I think I have it sorted, taking advice from Goldenchild, I have ordered a prefilter set up which consists of filters which sit atop a drum, 600, 200, and 50 micron. This should remove much of the bulk. I will then filter through the "super filter" set up suggested by 4metals. I have found 10.5" buchners and if that does not work then I will try the 18 inch buchner.

Boy I hate waiting for the shipping!

Thank you all again.

CW


----------



## Barren Realms 007 (Aug 6, 2011)

Macgiver said:


> Thanks again for all the input.
> 
> One thing to note is all of the nitric seems to be consumed out of the AR at about day three of the digesting stage. In fact there is very little if zero smell of HCL or Nitric. I have refrained from sticking my head in directly in the drum, as tempting as it is, but the STRONG smell and fumes of the fresh AR is completely gone. I have also tested it to see if it brings small bubbles to the surface a silver spoon. My thinking is that if the nitric has been consumed, then we are left with HCl which may not be as hard on a diaphragm pump.
> 
> CW



Heat will be your friend when it comes to nitric, if you get the temp raised in your solution it can show you still have nitric and allow you to eliminate it. 

A diaphram pump will hold up fine for use with HCL. I have used the big commercial one and the small one's like you use on an RV for pumping water with no problem.


----------



## Lou (Aug 6, 2011)

Goldenchild gave very good advice about using tiered filtration.


I.e. filter component one 50 cfm polypropylene, filter component two is 25 cfm polypropylene, filter component three is 12 cfm and so on until the filtrate is sediment free. 


4metals suggestion of using diatomaceous earth is a great one. I use that on many tricky filtrations, especially those for metal blacks and other fine particles that would require multiple filtrations to get all out of suspension. Very good advice from him. 


Wilden makes a PTFE internal polypropylene external diaphragm pump that really rocks. You can in fact pump aqua regia with it.


At Impala Platinum in South Africa, they use centrifuges to get the precipitate out.


----------



## HAuCl4 (Aug 7, 2011)

Barren Realms 007 said:


> 4metals said:
> 
> 
> > I would be interested in hearing from one of the desighners on the forum what is used for pumping AR or what is used in a commercial facility that handles AR.

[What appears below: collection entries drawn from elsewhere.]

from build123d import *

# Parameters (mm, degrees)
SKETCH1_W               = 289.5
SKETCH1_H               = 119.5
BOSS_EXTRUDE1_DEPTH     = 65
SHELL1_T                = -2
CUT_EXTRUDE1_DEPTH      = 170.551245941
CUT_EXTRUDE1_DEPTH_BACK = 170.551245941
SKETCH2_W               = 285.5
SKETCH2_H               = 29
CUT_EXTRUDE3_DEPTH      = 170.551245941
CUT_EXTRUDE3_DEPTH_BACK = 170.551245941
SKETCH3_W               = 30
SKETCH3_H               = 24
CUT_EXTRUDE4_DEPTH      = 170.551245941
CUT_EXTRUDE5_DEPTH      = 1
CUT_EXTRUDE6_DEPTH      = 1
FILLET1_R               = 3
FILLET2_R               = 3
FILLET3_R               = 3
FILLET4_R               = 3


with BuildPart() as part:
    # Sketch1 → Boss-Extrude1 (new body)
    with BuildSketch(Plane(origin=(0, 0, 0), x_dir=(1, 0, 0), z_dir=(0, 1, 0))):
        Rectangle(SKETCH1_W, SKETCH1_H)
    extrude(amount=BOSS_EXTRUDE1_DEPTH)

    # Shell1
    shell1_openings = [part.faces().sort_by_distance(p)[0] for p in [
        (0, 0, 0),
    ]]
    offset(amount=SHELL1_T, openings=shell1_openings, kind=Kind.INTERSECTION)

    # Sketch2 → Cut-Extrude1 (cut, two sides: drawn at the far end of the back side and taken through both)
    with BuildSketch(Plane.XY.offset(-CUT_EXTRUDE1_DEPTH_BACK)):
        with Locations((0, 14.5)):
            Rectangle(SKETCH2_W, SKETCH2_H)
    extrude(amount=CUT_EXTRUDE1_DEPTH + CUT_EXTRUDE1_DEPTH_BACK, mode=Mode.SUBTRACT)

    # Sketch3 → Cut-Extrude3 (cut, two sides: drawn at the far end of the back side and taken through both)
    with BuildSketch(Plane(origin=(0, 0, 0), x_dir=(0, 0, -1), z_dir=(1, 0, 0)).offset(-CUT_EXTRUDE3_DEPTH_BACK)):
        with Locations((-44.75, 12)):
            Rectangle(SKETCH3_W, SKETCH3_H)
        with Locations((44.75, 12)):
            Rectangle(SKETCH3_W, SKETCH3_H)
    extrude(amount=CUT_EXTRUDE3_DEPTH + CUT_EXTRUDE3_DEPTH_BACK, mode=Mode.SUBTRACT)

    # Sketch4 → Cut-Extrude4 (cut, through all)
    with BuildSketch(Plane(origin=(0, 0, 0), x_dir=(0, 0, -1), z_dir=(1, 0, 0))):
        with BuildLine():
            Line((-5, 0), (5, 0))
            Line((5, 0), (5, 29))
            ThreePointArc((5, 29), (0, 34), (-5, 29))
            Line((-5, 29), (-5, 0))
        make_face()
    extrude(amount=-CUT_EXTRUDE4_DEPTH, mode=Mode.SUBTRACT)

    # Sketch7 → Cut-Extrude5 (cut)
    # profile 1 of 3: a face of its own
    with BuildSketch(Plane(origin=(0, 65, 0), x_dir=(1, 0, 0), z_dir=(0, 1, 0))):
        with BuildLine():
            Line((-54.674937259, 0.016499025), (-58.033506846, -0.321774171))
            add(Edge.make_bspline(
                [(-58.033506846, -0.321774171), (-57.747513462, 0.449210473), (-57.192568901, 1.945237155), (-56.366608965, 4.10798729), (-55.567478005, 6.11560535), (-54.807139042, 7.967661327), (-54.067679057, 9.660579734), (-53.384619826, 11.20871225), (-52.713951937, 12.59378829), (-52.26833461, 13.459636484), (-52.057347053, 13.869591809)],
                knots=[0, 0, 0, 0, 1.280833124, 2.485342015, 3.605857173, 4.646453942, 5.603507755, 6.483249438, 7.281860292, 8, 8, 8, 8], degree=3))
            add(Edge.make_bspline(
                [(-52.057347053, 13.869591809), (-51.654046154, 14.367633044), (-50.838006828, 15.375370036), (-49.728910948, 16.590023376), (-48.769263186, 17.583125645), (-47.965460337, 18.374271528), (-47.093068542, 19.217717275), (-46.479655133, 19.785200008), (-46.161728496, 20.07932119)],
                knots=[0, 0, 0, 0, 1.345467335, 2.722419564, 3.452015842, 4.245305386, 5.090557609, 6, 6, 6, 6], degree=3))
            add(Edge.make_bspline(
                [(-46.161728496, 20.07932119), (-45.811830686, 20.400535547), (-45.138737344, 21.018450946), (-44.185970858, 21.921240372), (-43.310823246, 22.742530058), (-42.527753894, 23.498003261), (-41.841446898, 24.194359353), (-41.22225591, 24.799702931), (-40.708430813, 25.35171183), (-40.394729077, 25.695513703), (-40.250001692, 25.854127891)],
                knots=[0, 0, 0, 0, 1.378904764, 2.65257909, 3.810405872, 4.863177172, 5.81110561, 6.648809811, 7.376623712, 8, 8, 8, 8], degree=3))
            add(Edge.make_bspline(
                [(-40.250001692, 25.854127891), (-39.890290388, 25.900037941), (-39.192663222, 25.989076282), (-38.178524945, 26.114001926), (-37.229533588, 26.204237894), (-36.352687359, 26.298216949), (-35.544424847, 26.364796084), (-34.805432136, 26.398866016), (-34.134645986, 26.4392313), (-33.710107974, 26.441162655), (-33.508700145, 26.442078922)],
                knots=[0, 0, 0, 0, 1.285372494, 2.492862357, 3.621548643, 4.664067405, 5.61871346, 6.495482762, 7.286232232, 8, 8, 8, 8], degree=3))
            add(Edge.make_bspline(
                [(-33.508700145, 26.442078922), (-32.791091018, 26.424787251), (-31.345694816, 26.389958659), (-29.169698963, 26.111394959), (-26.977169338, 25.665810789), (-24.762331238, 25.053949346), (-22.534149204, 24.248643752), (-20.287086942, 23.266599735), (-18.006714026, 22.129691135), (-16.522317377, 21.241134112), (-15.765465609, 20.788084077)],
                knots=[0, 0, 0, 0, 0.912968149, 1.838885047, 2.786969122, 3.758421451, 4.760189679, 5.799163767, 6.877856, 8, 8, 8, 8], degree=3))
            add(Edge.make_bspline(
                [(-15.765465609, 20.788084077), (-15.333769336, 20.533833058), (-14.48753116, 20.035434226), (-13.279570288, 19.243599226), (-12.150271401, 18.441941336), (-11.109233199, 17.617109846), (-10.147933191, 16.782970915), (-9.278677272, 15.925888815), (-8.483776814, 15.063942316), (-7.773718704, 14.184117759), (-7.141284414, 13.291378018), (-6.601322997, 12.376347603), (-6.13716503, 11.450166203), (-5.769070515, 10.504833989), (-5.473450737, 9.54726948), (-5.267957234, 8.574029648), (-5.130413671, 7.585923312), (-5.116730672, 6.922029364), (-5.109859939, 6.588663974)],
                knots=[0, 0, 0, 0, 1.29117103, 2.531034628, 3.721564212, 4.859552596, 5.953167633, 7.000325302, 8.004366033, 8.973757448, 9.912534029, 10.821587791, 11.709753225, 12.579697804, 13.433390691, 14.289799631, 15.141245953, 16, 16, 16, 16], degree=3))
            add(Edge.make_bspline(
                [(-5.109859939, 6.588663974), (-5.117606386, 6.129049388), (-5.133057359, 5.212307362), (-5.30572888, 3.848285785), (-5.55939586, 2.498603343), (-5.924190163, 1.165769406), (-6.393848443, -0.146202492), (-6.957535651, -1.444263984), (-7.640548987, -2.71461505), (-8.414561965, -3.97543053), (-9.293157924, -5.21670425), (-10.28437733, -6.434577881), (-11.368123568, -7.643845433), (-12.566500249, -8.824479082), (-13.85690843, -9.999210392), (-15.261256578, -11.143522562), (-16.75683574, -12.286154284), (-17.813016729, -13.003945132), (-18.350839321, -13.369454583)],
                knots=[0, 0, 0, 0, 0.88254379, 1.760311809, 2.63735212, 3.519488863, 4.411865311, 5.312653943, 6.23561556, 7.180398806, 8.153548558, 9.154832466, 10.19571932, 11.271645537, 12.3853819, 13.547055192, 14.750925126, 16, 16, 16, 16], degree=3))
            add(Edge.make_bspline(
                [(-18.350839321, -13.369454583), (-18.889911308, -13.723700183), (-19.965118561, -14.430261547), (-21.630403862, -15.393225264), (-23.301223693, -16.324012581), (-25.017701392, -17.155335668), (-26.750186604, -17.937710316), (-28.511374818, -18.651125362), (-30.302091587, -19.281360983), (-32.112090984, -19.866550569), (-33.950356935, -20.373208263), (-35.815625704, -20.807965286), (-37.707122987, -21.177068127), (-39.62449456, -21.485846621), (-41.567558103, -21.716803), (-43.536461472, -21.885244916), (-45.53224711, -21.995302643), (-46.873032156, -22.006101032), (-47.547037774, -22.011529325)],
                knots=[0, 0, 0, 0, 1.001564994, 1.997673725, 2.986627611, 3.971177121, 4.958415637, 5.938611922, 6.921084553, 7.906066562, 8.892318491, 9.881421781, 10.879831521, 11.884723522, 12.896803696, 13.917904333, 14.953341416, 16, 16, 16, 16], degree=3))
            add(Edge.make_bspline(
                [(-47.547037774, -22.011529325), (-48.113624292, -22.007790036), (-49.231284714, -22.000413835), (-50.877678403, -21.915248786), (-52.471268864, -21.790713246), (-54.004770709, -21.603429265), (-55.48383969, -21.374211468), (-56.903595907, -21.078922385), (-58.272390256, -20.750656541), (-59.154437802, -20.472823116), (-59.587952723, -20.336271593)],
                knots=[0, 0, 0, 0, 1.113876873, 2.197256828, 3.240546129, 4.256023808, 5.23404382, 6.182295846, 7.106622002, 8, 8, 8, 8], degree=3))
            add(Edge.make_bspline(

Gravity and a hose maybe?. 

Almost anything that can be achieved with a pump can be achieved with gravity or with vaccuum or both. Without expensive pumps. :idea:


----------



## Barren Realms 007 (Aug 7, 2011)

HAuCl4 said:


> Barren Realms 007 said:
> 
> 
> > 4metals said:
> ...



I agree on a small scale operation.

Have you ever tried to siphon 55 gallons of solution, much less 5,000-20,000 gallons?


----------



## HAuCl4 (Aug 7, 2011)

I don't think there is a single 5,000 Gallon AR installation on this planet, but sure, use a bigger hose and gravity, or several hoses/pipes. :shock: 

55 gallon?. Sure, with a 6 inch pipe it will empty in a few minutes. Probably need to tilt/ decant the last portion.


----------



## Barren Realms 007 (Aug 7, 2011)

HAuCl4 said:


> I don't think there is a single 5,000 Gallon AR installation on this planet, but sure, use a bigger hose and gravity, or several hoses/pipes. :shock:
> 
> 55 gallon?. Sure, with a 6 inch pipe it will empty in a few minutes. Probably need to tilt/ decant the last portion.



ROFL, not of AR just acids and fluids in general. 8)


----------



## pesco (Aug 27, 2011)

Once my vacuum died while I was doing some filtering. As it would take few days to obtain replacement and I wanted to finish the process ASAP I built very simple replacement.
Legend to (crude) diagram below:
- bottle - I used bottle, so the cylinder could rest on it, could be anything really if cylinder is properly secured
- hole - 2mm hole below the buchner
- shelf - perplex circle with a hole in the centre for buchner filter, hole has small rubber seal
- filter - buchner originally, could be any filter really
- cylinder, 150mm diameter perspex cylinder
- air pump connector, thats where hose from air pump is attached

This little quick fix diy forced filter worked much better than vacuum. I didn't need to clean vaccum bottle every time I needed to filter something, instead I could use any container. Originally it was a bottle, but later when I built a stand for the cylinder I could filter to any beaker. The cylinder itself was a leftover from construction of a anti-nitrate aquarium filter, 150mm diameter, bigger diameter would be easier to handle. I didn't put that on a drawing, but the cylinder has 2 sections with rubber seal and 3 clip-on locks - the type you get on tool cases. On top glued in small connector for hose from aquarium pump. Below the filter little hole which lets the pressure out.

Pressure in a cylinder above the shelf is higher than below. That's why is important that the shelf itself is glued on the outer rim and has good seal where the filter goes in.

As the air is pushed in no corrosive gases are going through the pump. To prevent diffusion of gases the hose was only 4mm and around 2m long - popular silicone air hose for aquarium.

It is easy to control the pressure by fitting standard aquarium hose T-connector - one from air pump, one to the filter, one to the room :mrgreen: The branch going to the room has a valve.

I never got replacement for the vacuum - wasn't needed anymore :mrgreen:


----------